In jeder Stadt und Gemeinde im Kreis können die Mitarbeiter beraten
Das Team des Sozialpsychiatrischen Dienstes besteht aus elf Mitarbeitern aus Psychiatrie und Psychotherapie, Psychologie, Sozialarbeit und Sozialpädagogik, Krankenpflege und Verwaltung. Es ist regional organisiert, so dass es in allen Städten und Gemeinden des Kreises jederzeit eine Beratung anbieten kann.
Claudia Werk ist seit Februar 2021 die neue Abteilungsleiterin des Spd, der an das Gesundheitsamt angeschlossen ist. Für sie ist es eine der "vielfältigsten und zugleich schönsten Herausforderung im psychiatrischen Arbeitsbereich“, sagt die Fachärztin für Psychiatrie und Psychotherapie. Bereits 1999 war sie während ihrer Weiterbildungszeit beim Sozialpsychiatrischen Dienst Herford, 2005 kehrte sie als Fachärztin zurück in den Kreis.

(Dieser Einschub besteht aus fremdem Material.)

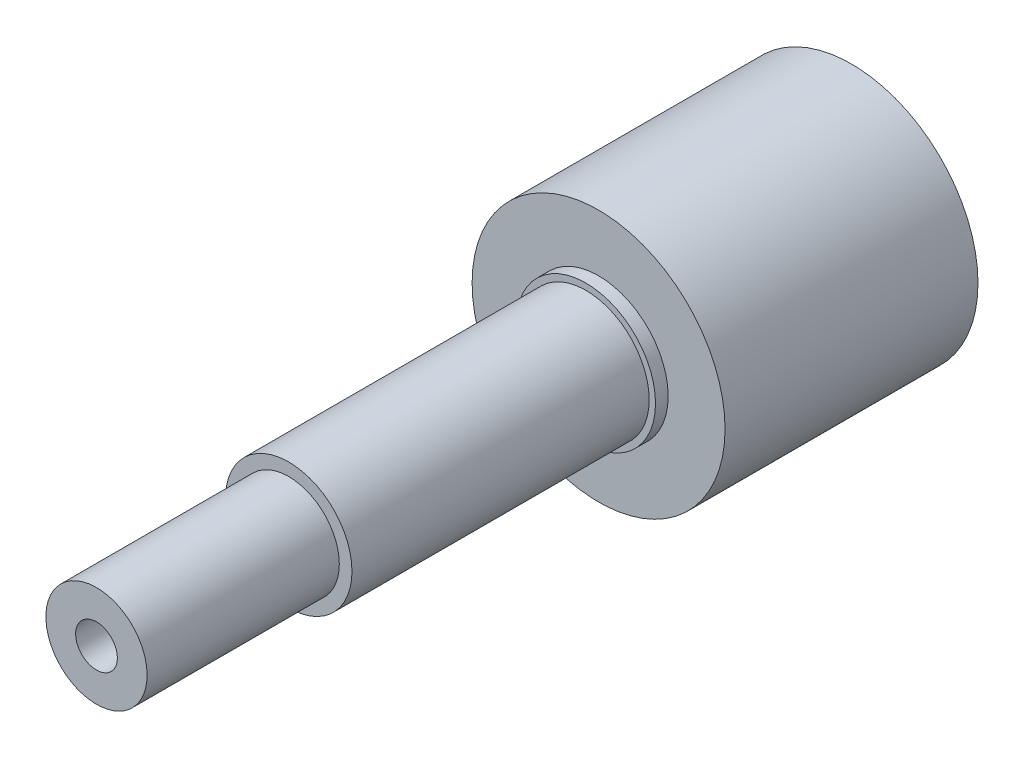
from build123d import *

# Parameters (mm, degrees)
SKETCH_1_R          = 10
EXTRUDE_1_DEPTH     = 20
SKETCH_2_R          = 5
EXTRUDE_2_DEPTH     = 5
SKETCH_4_R          = 5.5
SKETCH_4_R_2        = 5
EXTRUDE_3_DEPTH     = 1
SKETCH_5_R          = 1.65
CUT_EXTRUDE_1_DEPTH = 10
SKETCH_6_R          = 5
EXTRUDE_4_DEPTH     = 35.5
SKETCH_7_OUTSIDE_W  = 35.358
SKETCH_7_OUTSIDE_H  = 35.358
SKETCH_7_OUTSIDE_R  = 4
CUT_EXTRUDE_2_DEPTH = 16
SKETCH_8_R          = 1.65
CUT_EXTRUDE_3_DEPTH = 10
SKETCH_9_R          = 4
CUT_EXTRUDE_4_DEPTH = 0.8


with BuildPart() as part:
    # ｽｹｯﾁ1 → ﾎﾞｽ - 押し出し1 (new body)
    with BuildSketch(Plane.XY):
        Circle(SKETCH_1_R)
    extrude(amount=EXTRUDE_1_DEPTH)

    # ｽｹｯﾁ2 → ﾎﾞｽ - 押し出し2 (add)
    with BuildSketch(Plane.XY.offset(20)):
        Circle(SKETCH_2_R)
    extrude(amount=EXTRUDE_2_DEPTH)

    # ｽｹｯﾁ4 → ﾎﾞｽ - 押し出し3 (add)
    with BuildSketch(Plane.XY.offset(20)):
        Circle(SKETCH_4_R)
        Circle(SKETCH_4_R_2, mode=Mode.SUBTRACT)
    extrude(amount=EXTRUDE_3_DEPTH)

    # ｽｹｯﾁ5 → ｶｯﾄ - 押し出し1 (cut)
    with BuildSketch(Plane(origin=(0, 0, 0), x_dir=(-1, 0, 0), z_dir=(0, 0, -1))):
        with Locations((0, 6)):
            Circle(SKETCH_5_R)
        with Locations(Location((0, -6, 0), (0, 0, 180))):
            Circle(SKETCH_5_R)
    extrude(amount=-CUT_EXTRUDE_1_DEPTH, mode=Mode.SUBTRACT)

    # ｽｹｯﾁ6 → ﾎﾞｽ - 押し出し4 (add)
    with BuildSketch(Plane.XY.offset(25)):
        Circle(SKETCH_6_R)
    extrude(amount=EXTRUDE_4_DEPTH)

    # ｽｹｯﾁ7 outside → ｶｯﾄ - 押し出し2 (cut)
    with BuildSketch(Plane.XY.offset(60.5)):
        Rectangle(SKETCH_7_OUTSIDE_W, SKETCH_7_OUTSIDE_H)
        Circle(SKETCH_7_OUTSIDE_R, mode=Mode.SUBTRACT)
    extrude(amount=-CUT_EXTRUDE_2_DEPTH, mode=Mode.SUBTRACT)

    # ｽｹｯﾁ8 → ｶｯﾄ - 押し出し3 (cut)
    with BuildSketch(Plane.XY.offset(60.5)):
        Circle(SKETCH_8_R)
    extrude(amount=-CUT_EXTRUDE_3_DEPTH, mode=Mode.SUBTRACT)

    # ｽｹｯﾁ9 → ｶｯﾄ - 押し出し4 (cut)
    with BuildSketch(Plane.XY.offset(60.5)):
        Circle(SKETCH_9_R)
    extrude(amount=-CUT_EXTRUDE_4_DEPTH, mode=Mode.SUBTRACT)


solid = part.part

Die vielen Veränderungen, die die Corona-Pandemie mit sich gebracht hat, seien besonders für psychisch labile Menschen nicht einfach. „Die Nachfrage nach therapeutischer Hilfe steigt. Dabei sind die psychischen Folgen, die die Pandemie mit sich bringt, noch nicht vollständig erkennbar.“
Ohnmacht, Hilflosigkeit und Kontrollverlust in der Pandemie führen Menschen in die Krise
Bei vielen habe die Pandemie ein Gefühl von Ohnmacht, Hilflosigkeit und Kontrollverlust ausgelöst. Es gebe aber auch ein entgegengesetzte Phänomen, sagte Werk kürzlich: Einige, die sich in ihrer Ohnmacht vor der Pandemie allein gefühlt hätten, erlebten jetzt, dass es nun anderen so gehe und fühlten sich eher einer Gesellschaft zugehörig.
Michaela Rolf, die Psychiatrie- und Suchtkoordinatorin des Sozialpsychiatrischen Dienstes ist, betont, dass die Zeiten des Krisenthelefons weiter ausgeweitet werden sollen. Das Angebot besteht seit April 2020 auch an Wochenenden und Feiertagen, seither steigt die Anzahl der Anrufe kontinuierlich.
Der Sozialpsychiatrische Dienst ist übrigens auch Ansprechpartner für Polizei, Feuerwehr, andere Behörden und Institution wie das Jugendamt oder das Jobcenter. Diese nutzen das Expertenwissen, um einschätzen zu können, ob bei kritischen Einsätzen psychiatrische Hilfen nötig sind. Zudem arbeitet der SpD mit dem Ziel der bestmöglichen Krisenbetreuung eng mit Kliniken, niedergelassenen Fach- und Hausärzten sowie Psychotherapeuten zusammen. Gegebenenfalls vermittelt er Betroffenen weitere Ansprechpartner.